Given the desired result, this likely is a complementary counting problem. We try to find the number of ways of choosing $6$ integers among the first $49$ positive integers such none of them are consecutive. Say we have the set $\{1, 2, 3, \dots, 44\}$ with the property that the $n$th element has value $n$. Then we could select any $6$ integers from here, but they could be consecutive. Now consider inserting an integer between the integer choices we made. The second one's value would increase by $1$, the third's by $2$,... continued for the sixth by $5$. We then end up with a set with $49$ elements as desired. Since there is now something between integers, none of our choices could be consecutive. Therefore, there are ${44\choose6}$ ways to choose without any consecutive integers, and ${49\choose6}-{44\choose6}$ ways to choose with some consecutive integers.

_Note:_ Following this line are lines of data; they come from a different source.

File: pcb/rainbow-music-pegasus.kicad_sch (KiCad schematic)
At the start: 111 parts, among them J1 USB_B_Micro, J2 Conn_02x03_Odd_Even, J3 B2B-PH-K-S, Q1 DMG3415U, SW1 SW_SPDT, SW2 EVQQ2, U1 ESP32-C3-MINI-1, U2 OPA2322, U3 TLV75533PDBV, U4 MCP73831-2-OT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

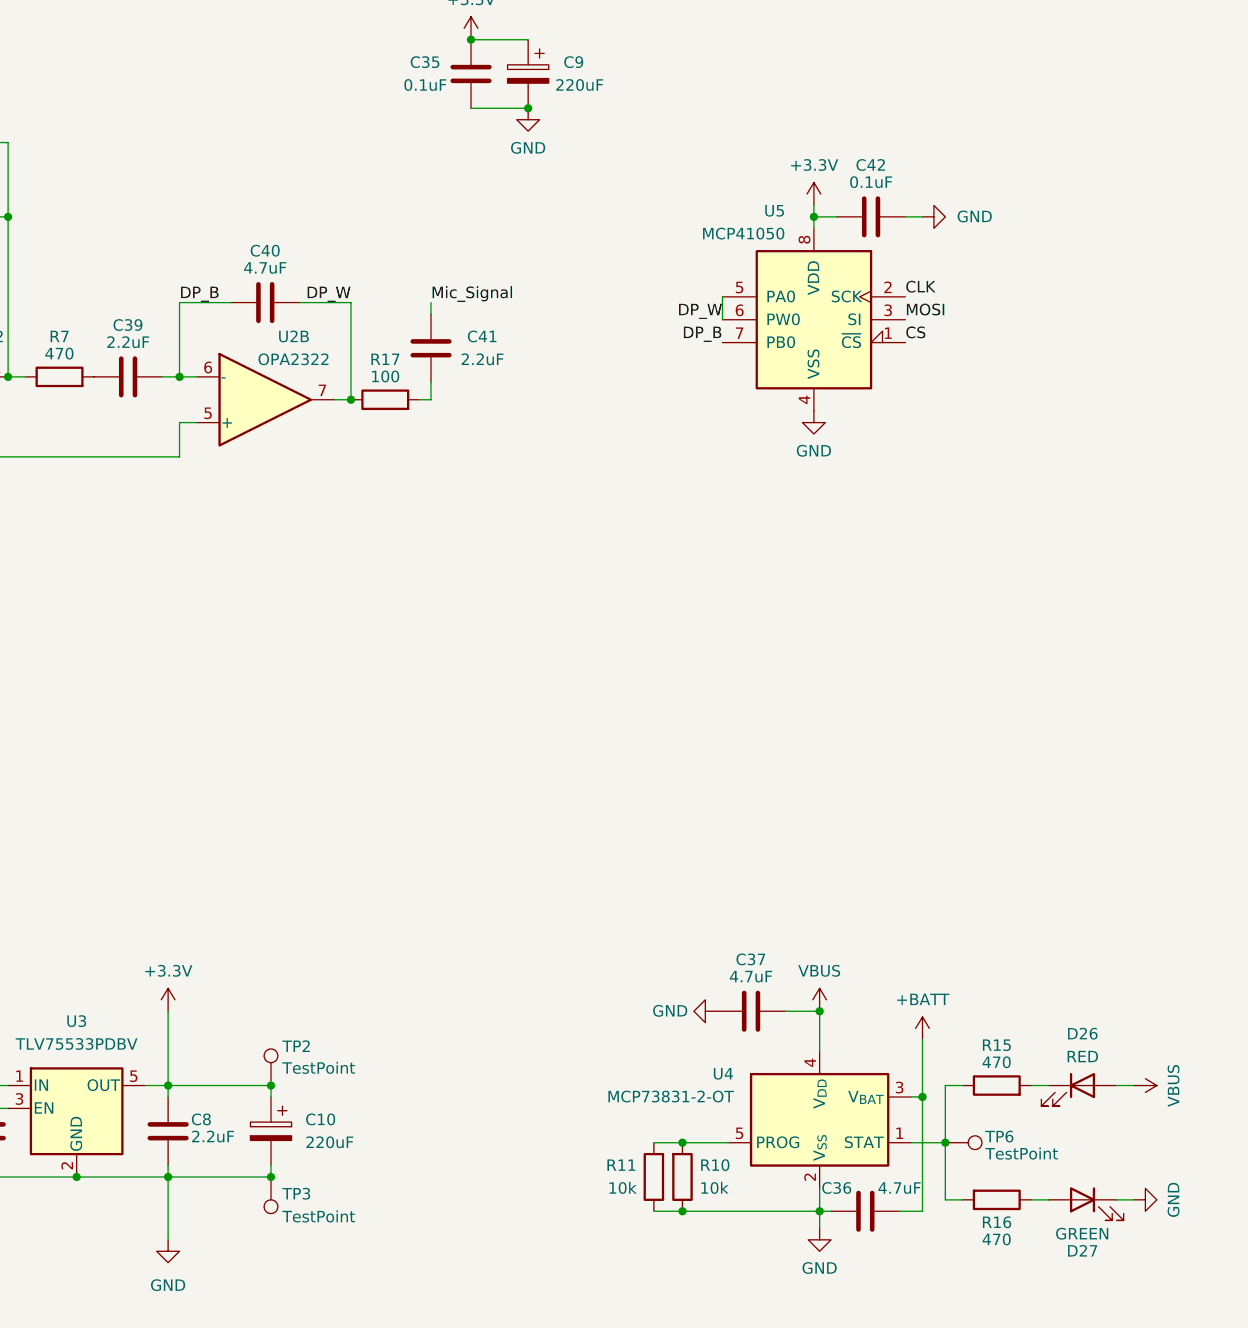
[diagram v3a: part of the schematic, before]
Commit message: Move TP6 to the DP_Wiper, add TP7 to DP_A and TP8 to MIC feed
Also fixed the size of all Touchpoints to allow for soldering thru-hole pins
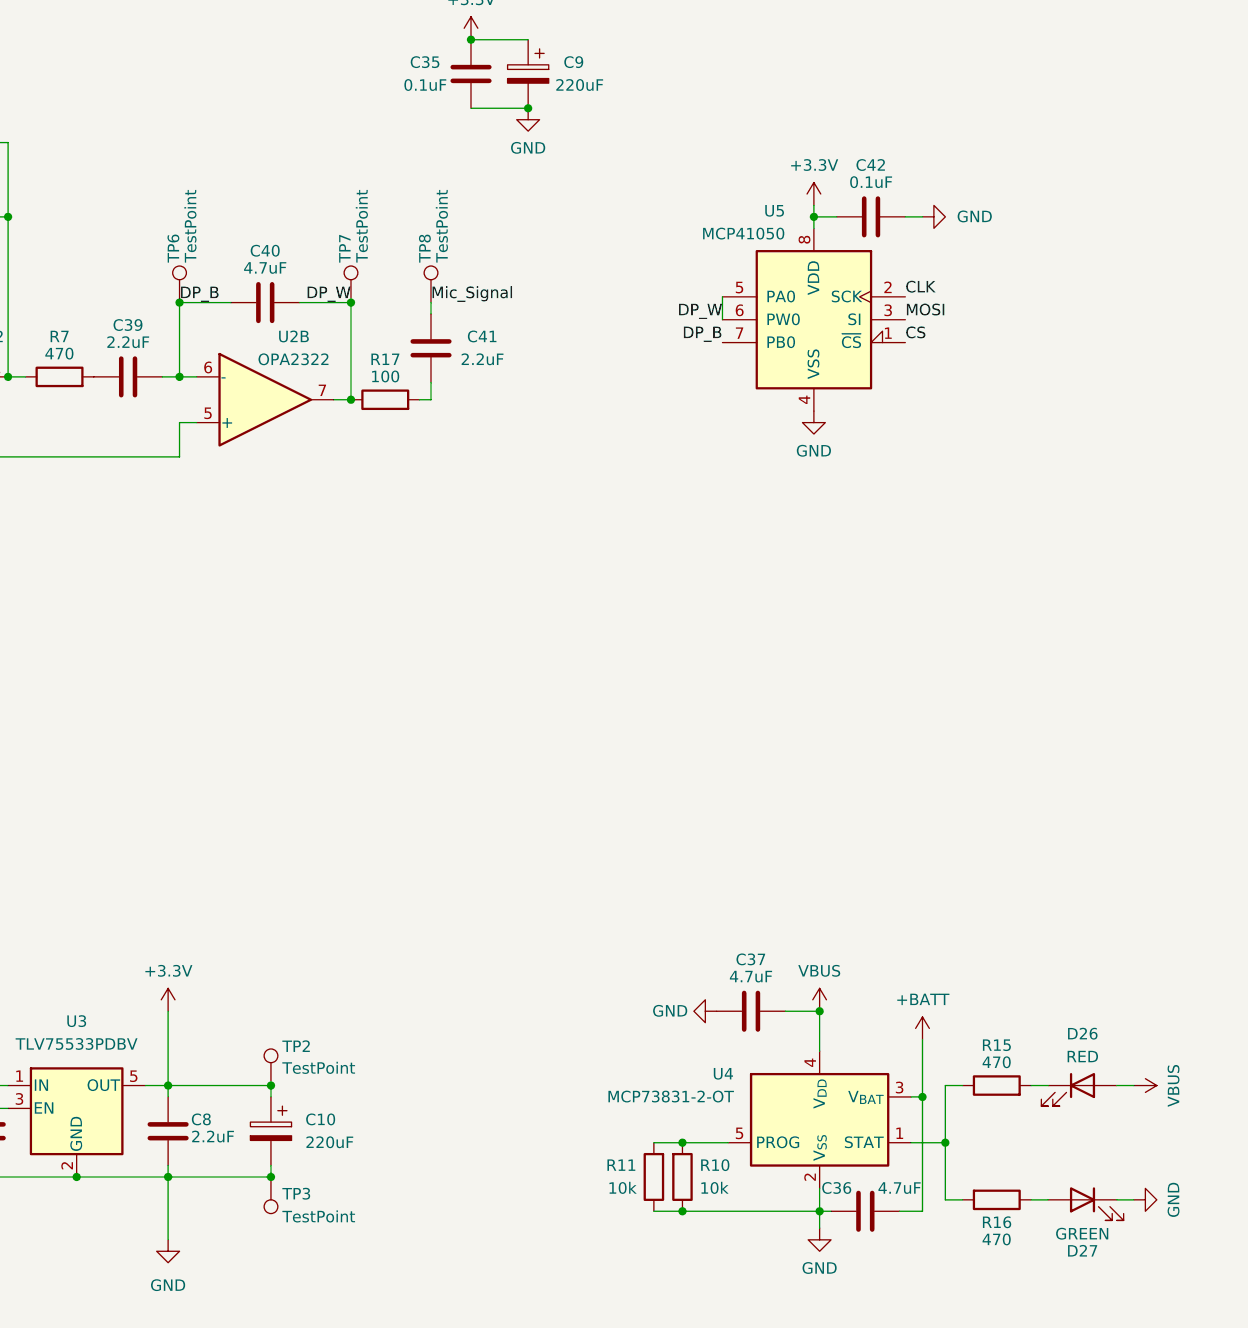
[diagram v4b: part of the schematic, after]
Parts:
- added TP7, TP8: TestPoint, TestPoint:TestPoint_THTPad_1.5x1.5mm_Drill0.7mm, symbol Connector:TestPoint
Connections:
- net DP_B: now also TP6.1
- net DP_W: now also TP7.1
- net Mic_Signal: now also TP8.1
- net at R15.1, R16.2, U4.1 (STAT): no longer TP6.1
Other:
- moved on the sheet: TP6
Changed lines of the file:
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@@
 	)
 	(junction
+		(at 133.35 62.23)
+		(diameter 0)
+		(color 0 0 0 0)
+	)
+	(junction
 		(at 170.18 163.195)
 		(diameter 0)
@@
 	)
 	(junction
+		(at 114.3 62.23)
+		(diameter 0)
+		(color 0 0 0 0)
+	)
+	(junction
 		(at 281.305 39.37)
 		(diameter 0)
@@
 	)
 	(symbol
+		(lib_id "Connector:TestPoint")
+		(at 133.35 62.23 0)
+		(mirror y)
+		(unit 1)
+		(exclude_from_sim no)
+		(in_bom no)
+		(on_board yes)
+		(dnp no)
+		(property "Reference" "TP7"
+			(at 132.715 57.785 90)
+			(effects
+				(font
+					(size 1.27 1.27)
+				)
+				(justify left)
+			)
+		)
+		(property "Value" "TestPoint"
+			(at 134.62 57.785 90)
+			(effects
+				(font
+					(size 1.27 1.27)
+				)
+				(justify left)
+			)
+		)
+		(property "Footprint" "TestPoint:TestPoint_THTPad_1.5x1.5mm_Drill0.7mm"
+			(at 128.27 62.23 0)
+			(effects
+				(font
+					(size 1.27 1.27)
+				)
+				(hide yes)
+			)
+		)
+		(property "Datasheet" "~"
+			(at 128.27 62.23 0)
+			(effects
+				(font
+					(size 1.27 1.27)
+				)
+				(hide yes)
+			)
+		)
+		(property "Description" ""
+			(at 133.35 62.23 0)
+			(effects
+				(font
+					(size 1.27 1.27)
+				)
+			)
+		)
+		(pin "1"
+		)
+		(instances
+			(project "rainbow-music-pegasus"
+				(path "/4cbaa20b-39f5-487e-a5d4-6b04539cf52b"
+					(reference "TP7")
+					(unit 1)
+				)
+			)
+		)
+	)
+	(symbol
 		(lib_id "power:+3.3V")
 		(at 269.24 230.505 0)
@@
 	(symbol
 		(lib_id "Connector:TestPoint")
-		(at 199.39 155.575 270)
-		(mirror x)
+		(at 114.3 62.23 0)
+		(mirror y)
 		(unit 1)
 		(exclude_from_sim no)
@@
 		(dnp no)
 		(property "Reference" "TP6"
-			(at 203.835 154.94 90)
+			(at 113.665 57.785 90)
 			(effects
 				(font
@@
 		)
 		(property "Value" "TestPoint"
-			(at 203.835 156.845 90)
+			(at 115.57 57.785 90)
 			(effects
 				(font
@@
 		)
 		(property "Footprint" "TestPoint:TestPoint_THTPad_1.5x1.5mm_Drill0.7mm"
-			(at 199.39 150.495 0)
+			(at 109.22 62.23 0)
 			(effects
 				(font
@@
 		)
 		(property "Datasheet" "~"
-			(at 199.39 150.495 0)
+			(at 109.22 62.23 0)
 			(effects
 				(font
@@
 		)
 		(property "Description" ""
-			(at 199.39 155.575 0)
+			(at 114.3 62.23 0)
 			(effects
 				(font
@@
 					(unit 1)
 				)
+			)
+		)
+	)
+	(symbol
+		(lib_id "Connector:TestPoint")
+		(at 142.24 62.23 0)
+		(mirror y)
+		(unit 1)
+		(exclude_from_sim no)
+		(in_bom no)
+		(on_board yes)
+		(dnp no)
+		(property "Reference" "TP8"
+			(at 141.605 57.785 90)
+			(effects
+				(font
+					(size 1.27 1.27)
+				)
+				(justify left)
+			)
+		)
+		(property "Value" "TestPoint"
+			(at 143.51 57.785 90)
+			(effects
+				(font
+					(size 1.27 1.27)
+				)
+				(justify left)
+			)
+		)
+		(property "Footprint" "TestPoint:TestPoint_THTPad_1.5x1.5mm_Drill0.7mm"
+			(at 137.16 62.23 0)
+			(effects
+				(font
+					(size 1.27 1.27)
+				)
+				(hide yes)
+			)
+		)
+		(property "Datasheet" "~"
+			(at 137.16 62.23 0)
+			(effects
+				(font
+					(size 1.27 1.27)
+				)
+				(hide yes)
+			)
+		)
+		(property "Description" ""
+			(at 142.24 62.23 0)
+			(effects
+				(font
+					(size 1.27 1.27)
+				)
+			)
+		)
+		(pin "1"
+		)
+		(instances
+			(project "rainbow-music-pegasus"
+				(path "/4cbaa20b-39f5-487e-a5d4-6b04539cf52b"
+					(reference "TP8")
+					(unit 1)
+				)

Clever bijections go BRRRRRR This was literally 2009 AIME II Problem 6. Let's use complementary counting. Given an invalid subset $S$, we may name an element $s \in S$ with a label $B$ and all other elements as $A$. We may remove exactly one $A$ in between each pair of $B$'s, giving us $44$ elements ($6$ $A$s and $38$ $B$'s). There are exactly $\binom{44}{6}$ invalid subsets so from the total, we have $$\binom{49}{6} - \binom{44}{6}$$ valid subsets. In fact, in general if we want to choose an $k$ element subset from the first $k$ positive integers, we have $$\binom{n}{k} - \binom{n-k+1}{k}$$ distinct valid subsets using the reasoning above.